#### Information shown

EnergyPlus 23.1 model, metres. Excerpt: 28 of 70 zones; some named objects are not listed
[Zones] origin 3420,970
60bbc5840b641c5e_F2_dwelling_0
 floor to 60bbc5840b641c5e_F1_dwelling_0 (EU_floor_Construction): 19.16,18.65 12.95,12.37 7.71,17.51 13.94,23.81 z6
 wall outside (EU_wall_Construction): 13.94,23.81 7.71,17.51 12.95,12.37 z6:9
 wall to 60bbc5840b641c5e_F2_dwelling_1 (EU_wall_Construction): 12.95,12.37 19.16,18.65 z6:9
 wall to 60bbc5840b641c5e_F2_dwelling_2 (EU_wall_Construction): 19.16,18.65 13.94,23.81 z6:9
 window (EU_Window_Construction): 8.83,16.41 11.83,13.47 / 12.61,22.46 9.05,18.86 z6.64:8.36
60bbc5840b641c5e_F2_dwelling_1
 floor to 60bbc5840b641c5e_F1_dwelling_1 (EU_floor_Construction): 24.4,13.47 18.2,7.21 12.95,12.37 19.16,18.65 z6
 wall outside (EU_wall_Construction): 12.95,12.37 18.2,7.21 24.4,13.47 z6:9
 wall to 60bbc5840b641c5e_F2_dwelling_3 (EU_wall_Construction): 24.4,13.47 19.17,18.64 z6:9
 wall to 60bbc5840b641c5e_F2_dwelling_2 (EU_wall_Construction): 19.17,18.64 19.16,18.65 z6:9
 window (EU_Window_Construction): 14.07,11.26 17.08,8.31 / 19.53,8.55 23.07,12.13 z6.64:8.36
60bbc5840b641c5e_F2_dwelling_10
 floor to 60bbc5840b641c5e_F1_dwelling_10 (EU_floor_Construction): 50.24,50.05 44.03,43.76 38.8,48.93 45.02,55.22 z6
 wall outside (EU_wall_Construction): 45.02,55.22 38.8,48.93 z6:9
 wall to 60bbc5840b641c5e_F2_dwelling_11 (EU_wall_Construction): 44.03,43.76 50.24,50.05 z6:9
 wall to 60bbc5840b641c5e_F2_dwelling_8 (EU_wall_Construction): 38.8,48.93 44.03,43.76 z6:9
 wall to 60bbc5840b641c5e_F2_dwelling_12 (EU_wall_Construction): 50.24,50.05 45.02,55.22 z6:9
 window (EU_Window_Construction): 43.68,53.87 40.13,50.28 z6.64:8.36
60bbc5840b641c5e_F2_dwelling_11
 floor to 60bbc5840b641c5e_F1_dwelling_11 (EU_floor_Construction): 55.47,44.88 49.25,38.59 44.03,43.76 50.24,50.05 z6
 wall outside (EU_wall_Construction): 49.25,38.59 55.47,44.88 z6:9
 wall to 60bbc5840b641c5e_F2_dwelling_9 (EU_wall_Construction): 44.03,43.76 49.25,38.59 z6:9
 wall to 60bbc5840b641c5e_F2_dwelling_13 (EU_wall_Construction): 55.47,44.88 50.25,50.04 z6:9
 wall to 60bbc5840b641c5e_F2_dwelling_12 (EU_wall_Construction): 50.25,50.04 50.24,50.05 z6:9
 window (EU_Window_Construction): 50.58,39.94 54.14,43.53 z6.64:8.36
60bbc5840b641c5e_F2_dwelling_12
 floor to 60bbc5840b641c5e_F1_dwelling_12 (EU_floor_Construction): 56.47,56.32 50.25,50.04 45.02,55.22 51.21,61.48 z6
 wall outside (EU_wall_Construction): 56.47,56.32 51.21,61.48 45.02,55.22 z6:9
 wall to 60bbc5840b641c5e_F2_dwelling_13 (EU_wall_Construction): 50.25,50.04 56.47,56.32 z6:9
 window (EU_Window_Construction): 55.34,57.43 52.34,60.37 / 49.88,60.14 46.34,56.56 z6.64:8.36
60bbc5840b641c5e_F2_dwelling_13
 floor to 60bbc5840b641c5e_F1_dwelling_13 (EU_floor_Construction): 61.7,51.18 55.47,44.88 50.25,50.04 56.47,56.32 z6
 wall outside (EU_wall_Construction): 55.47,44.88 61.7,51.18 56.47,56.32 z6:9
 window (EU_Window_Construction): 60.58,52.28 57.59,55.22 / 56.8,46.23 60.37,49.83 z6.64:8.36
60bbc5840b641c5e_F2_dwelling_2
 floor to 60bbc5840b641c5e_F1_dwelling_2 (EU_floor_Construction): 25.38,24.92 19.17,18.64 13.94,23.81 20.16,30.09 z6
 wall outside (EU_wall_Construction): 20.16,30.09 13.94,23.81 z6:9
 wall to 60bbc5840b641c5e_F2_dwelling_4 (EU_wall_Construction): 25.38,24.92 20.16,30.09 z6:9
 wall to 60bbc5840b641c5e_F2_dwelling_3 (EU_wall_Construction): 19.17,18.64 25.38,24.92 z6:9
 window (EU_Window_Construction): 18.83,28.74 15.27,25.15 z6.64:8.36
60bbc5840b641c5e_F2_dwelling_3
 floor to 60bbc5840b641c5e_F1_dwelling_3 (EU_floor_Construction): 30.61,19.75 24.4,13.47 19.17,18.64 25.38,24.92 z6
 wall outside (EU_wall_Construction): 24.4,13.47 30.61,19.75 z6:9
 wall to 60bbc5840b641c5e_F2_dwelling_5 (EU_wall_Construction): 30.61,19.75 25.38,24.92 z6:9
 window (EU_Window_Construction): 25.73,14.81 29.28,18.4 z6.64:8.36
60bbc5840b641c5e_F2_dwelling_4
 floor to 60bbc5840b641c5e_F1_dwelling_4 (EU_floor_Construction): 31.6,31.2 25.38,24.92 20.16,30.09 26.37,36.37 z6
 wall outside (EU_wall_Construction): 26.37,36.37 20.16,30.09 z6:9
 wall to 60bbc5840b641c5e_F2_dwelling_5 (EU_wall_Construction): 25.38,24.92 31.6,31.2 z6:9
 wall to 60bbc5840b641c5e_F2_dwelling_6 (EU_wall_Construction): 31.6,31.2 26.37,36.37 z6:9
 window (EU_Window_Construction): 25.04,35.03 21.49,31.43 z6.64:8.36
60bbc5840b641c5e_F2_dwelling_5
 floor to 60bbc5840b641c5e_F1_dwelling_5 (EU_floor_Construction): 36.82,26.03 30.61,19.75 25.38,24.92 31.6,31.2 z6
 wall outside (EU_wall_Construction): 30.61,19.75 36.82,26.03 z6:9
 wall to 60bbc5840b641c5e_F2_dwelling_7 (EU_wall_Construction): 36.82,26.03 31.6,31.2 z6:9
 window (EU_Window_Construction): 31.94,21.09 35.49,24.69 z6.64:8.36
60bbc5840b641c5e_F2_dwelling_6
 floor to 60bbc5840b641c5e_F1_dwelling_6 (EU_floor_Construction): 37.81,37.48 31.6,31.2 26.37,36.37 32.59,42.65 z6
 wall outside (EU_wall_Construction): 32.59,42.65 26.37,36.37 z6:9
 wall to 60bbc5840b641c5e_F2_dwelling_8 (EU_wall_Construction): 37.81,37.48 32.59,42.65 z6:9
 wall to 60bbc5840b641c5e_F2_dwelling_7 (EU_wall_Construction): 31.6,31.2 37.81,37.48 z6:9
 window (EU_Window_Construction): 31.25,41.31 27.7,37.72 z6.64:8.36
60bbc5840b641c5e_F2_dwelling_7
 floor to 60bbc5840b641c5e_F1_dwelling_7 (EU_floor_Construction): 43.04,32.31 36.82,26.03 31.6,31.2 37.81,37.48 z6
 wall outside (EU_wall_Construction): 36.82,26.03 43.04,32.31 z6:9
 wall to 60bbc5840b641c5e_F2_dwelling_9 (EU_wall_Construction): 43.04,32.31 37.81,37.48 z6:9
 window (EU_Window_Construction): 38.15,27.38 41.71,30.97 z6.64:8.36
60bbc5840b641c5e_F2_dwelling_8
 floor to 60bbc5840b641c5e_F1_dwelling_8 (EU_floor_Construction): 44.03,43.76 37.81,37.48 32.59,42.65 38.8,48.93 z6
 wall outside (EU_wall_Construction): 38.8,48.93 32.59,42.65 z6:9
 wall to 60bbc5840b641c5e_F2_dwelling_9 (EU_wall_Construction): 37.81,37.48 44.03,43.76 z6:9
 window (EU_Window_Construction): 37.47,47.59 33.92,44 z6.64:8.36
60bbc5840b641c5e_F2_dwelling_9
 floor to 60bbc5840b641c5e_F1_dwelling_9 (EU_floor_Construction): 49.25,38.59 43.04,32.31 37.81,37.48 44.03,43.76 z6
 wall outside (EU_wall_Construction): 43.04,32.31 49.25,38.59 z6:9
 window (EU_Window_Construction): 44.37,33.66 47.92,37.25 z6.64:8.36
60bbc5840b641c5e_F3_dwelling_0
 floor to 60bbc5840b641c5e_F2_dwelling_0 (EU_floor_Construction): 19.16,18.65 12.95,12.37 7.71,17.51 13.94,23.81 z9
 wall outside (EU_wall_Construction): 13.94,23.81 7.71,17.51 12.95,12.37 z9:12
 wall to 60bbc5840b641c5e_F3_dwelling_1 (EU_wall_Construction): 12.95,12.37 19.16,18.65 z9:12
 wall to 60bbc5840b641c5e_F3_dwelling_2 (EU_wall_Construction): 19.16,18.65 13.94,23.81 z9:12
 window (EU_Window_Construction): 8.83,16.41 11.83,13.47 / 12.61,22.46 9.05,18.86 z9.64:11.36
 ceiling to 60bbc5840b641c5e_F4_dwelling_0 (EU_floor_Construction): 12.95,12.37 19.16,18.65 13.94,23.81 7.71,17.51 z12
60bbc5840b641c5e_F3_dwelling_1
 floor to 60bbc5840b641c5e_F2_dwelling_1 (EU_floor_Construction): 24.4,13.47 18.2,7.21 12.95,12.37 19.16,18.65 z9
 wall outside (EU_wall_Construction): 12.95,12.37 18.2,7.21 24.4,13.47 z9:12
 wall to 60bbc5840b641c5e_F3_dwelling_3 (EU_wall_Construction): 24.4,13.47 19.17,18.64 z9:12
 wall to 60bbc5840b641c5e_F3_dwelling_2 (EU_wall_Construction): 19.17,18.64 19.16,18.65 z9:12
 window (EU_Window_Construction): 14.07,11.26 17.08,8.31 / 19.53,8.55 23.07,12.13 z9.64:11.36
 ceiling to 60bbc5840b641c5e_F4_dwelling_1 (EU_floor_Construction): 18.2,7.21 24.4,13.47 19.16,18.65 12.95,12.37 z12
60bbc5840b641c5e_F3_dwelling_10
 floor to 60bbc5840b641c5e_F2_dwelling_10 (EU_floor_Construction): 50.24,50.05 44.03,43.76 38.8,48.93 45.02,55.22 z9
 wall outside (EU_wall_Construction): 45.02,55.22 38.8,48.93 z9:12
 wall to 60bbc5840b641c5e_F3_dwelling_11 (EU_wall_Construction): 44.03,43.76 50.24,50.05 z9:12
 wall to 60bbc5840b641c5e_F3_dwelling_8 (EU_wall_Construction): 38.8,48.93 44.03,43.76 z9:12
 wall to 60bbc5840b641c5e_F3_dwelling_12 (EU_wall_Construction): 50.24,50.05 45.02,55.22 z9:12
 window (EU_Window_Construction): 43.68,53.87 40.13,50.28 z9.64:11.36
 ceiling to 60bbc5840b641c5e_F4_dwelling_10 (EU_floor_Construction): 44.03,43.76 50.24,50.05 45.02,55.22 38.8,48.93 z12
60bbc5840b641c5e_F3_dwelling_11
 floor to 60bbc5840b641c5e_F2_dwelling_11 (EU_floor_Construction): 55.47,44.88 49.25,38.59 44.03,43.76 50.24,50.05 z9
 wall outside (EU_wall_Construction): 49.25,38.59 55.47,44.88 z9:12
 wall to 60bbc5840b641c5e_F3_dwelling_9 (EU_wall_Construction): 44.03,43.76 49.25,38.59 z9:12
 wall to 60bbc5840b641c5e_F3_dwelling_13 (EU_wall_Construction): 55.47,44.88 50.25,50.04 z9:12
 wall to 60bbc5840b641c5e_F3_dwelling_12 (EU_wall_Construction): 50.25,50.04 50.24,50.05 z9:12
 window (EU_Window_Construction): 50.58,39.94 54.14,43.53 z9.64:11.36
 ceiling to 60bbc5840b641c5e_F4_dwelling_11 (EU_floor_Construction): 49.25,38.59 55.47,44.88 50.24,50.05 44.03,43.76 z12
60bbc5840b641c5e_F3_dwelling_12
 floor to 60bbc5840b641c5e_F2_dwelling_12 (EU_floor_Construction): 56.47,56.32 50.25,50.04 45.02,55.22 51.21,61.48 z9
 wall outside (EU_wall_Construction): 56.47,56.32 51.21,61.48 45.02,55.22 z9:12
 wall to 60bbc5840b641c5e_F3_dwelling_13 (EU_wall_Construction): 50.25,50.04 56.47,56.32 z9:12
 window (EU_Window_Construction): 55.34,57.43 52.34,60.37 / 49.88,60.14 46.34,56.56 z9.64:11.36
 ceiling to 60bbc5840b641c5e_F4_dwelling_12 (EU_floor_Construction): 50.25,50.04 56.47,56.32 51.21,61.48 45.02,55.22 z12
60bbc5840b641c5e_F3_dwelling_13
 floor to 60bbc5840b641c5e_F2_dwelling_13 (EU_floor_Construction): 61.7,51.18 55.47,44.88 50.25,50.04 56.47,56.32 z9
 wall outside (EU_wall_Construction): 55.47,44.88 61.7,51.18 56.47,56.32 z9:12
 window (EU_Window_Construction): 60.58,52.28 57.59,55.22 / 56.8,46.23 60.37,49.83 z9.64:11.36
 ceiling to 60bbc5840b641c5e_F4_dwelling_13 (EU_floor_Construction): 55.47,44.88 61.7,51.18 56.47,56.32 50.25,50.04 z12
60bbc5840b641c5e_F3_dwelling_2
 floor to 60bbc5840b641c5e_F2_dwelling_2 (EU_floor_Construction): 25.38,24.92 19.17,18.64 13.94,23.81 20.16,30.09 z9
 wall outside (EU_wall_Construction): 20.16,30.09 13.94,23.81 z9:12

########

Assigned task:
Looking at the entries above, can you reproduce exactly the lines from the one that holds "wall to 60bbc5840b641c5e_F3_dwelling_3" through the one that holds "ceiling to 60bbc5840b641c5e_F4_dwelling_12", and only those?

Your response:
 wall to 60bbc5840b641c5e_F3_dwelling_3 (EU_wall_Construction): 24.4,13.47 19.17,18.64 z9:12
 wall to 60bbc5840b641c5e_F3_dwelling_2 (EU_wall_Construction): 19.17,18.64 19.16,18.65 z9:12
 window (EU_Window_Construction): 14.07,11.26 17.08,8.31 / 19.53,8.55 23.07,12.13 z9.64:11.36
 ceiling to 60bbc5840b641c5e_F4_dwelling_1 (EU_floor_Construction): 18.2,7.21 24.4,13.47 19.16,18.65 12.95,12.37 z12
60bbc5840b641c5e_F3_dwelling_10
 floor to 60bbc5840b641c5e_F2_dwelling_10 (EU_floor_Construction): 50.24,50.05 44.03,43.76 38.8,48.93 45.02,55.22 z9
 wall outside (EU_wall_Construction): 45.02,55.22 38.8,48.93 z9:12
 wall to 60bbc5840b641c5e_F3_dwelling_11 (EU_wall_Construction): 44.03,43.76 50.24,50.05 z9:12
 wall to 60bbc5840b641c5e_F3_dwelling_8 (EU_wall_Construction): 38.8,48.93 44.03,43.76 z9:12
 wall to 60bbc5840b641c5e_F3_dwelling_12 (EU_wall_Construction): 50.24,50.05 45.02,55.22 z9:12
 window (EU_Window_Construction): 43.68,53.87 40.13,50.28 z9.64:11.36
 ceiling to 60bbc5840b641c5e_F4_dwelling_10 (EU_floor_Construction): 44.03,43.76 50.24,50.05 45.02,55.22 38.8,48.93 z12
60bbc5840b641c5e_F3_dwelling_11
 floor to 60bbc5840b641c5e_F2_dwelling_11 (EU_floor_Construction): 55.47,44.88 49.25,38.59 44.03,43.76 50.24,50.05 z9
 wall outside (EU_wall_Construction): 49.25,38.59 55.47,44.88 z9:12
 wall to 60bbc5840b641c5e_F3_dwelling_9 (EU_wall_Construction): 44.03,43.76 49.25,38.59 z9:12
 wall to 60bbc5840b641c5e_F3_dwelling_13 (EU_wall_Construction): 55.47,44.88 50.25,50.04 z9:12
 wall to 60bbc5840b641c5e_F3_dwelling_12 (EU_wall_Construction): 50.25,50.04 50.24,50.05 z9:12
 window (EU_Window_Construction): 50.58,39.94 54.14,43.53 z9.64:11.36
 ceiling to 60bbc5840b641c5e_F4_dwelling_11 (EU_floor_Construction): 49.25,38.59 55.47,44.88 50.24,50.05 44.03,43.76 z12
60bbc5840b641c5e_F3_dwelling_12
 floor to 60bbc5840b641c5e_F2_dwelling_12 (EU_floor_Construction): 56.47,56.32 50.25,50.04 45.02,55.22 51.21,61.48 z9
 wall outside (EU_wall_Construction): 56.47,56.32 51.21,61.48 45.02,55.22 z9:12
 wall to 60bbc5840b641c5e_F3_dwelling_13 (EU_wall_Construction): 50.25,50.04 56.47,56.32 z9:12
 window (EU_Window_Construction): 55.34,57.43 52.34,60.37 / 49.88,60.14 46.34,56.56 z9.64:11.36
 ceiling to 60bbc5840b641c5e_F4_dwelling_12 (EU_floor_Construction): 50.25,50.04 56.47,56.32 51.21,61.48 45.02,55.22 z12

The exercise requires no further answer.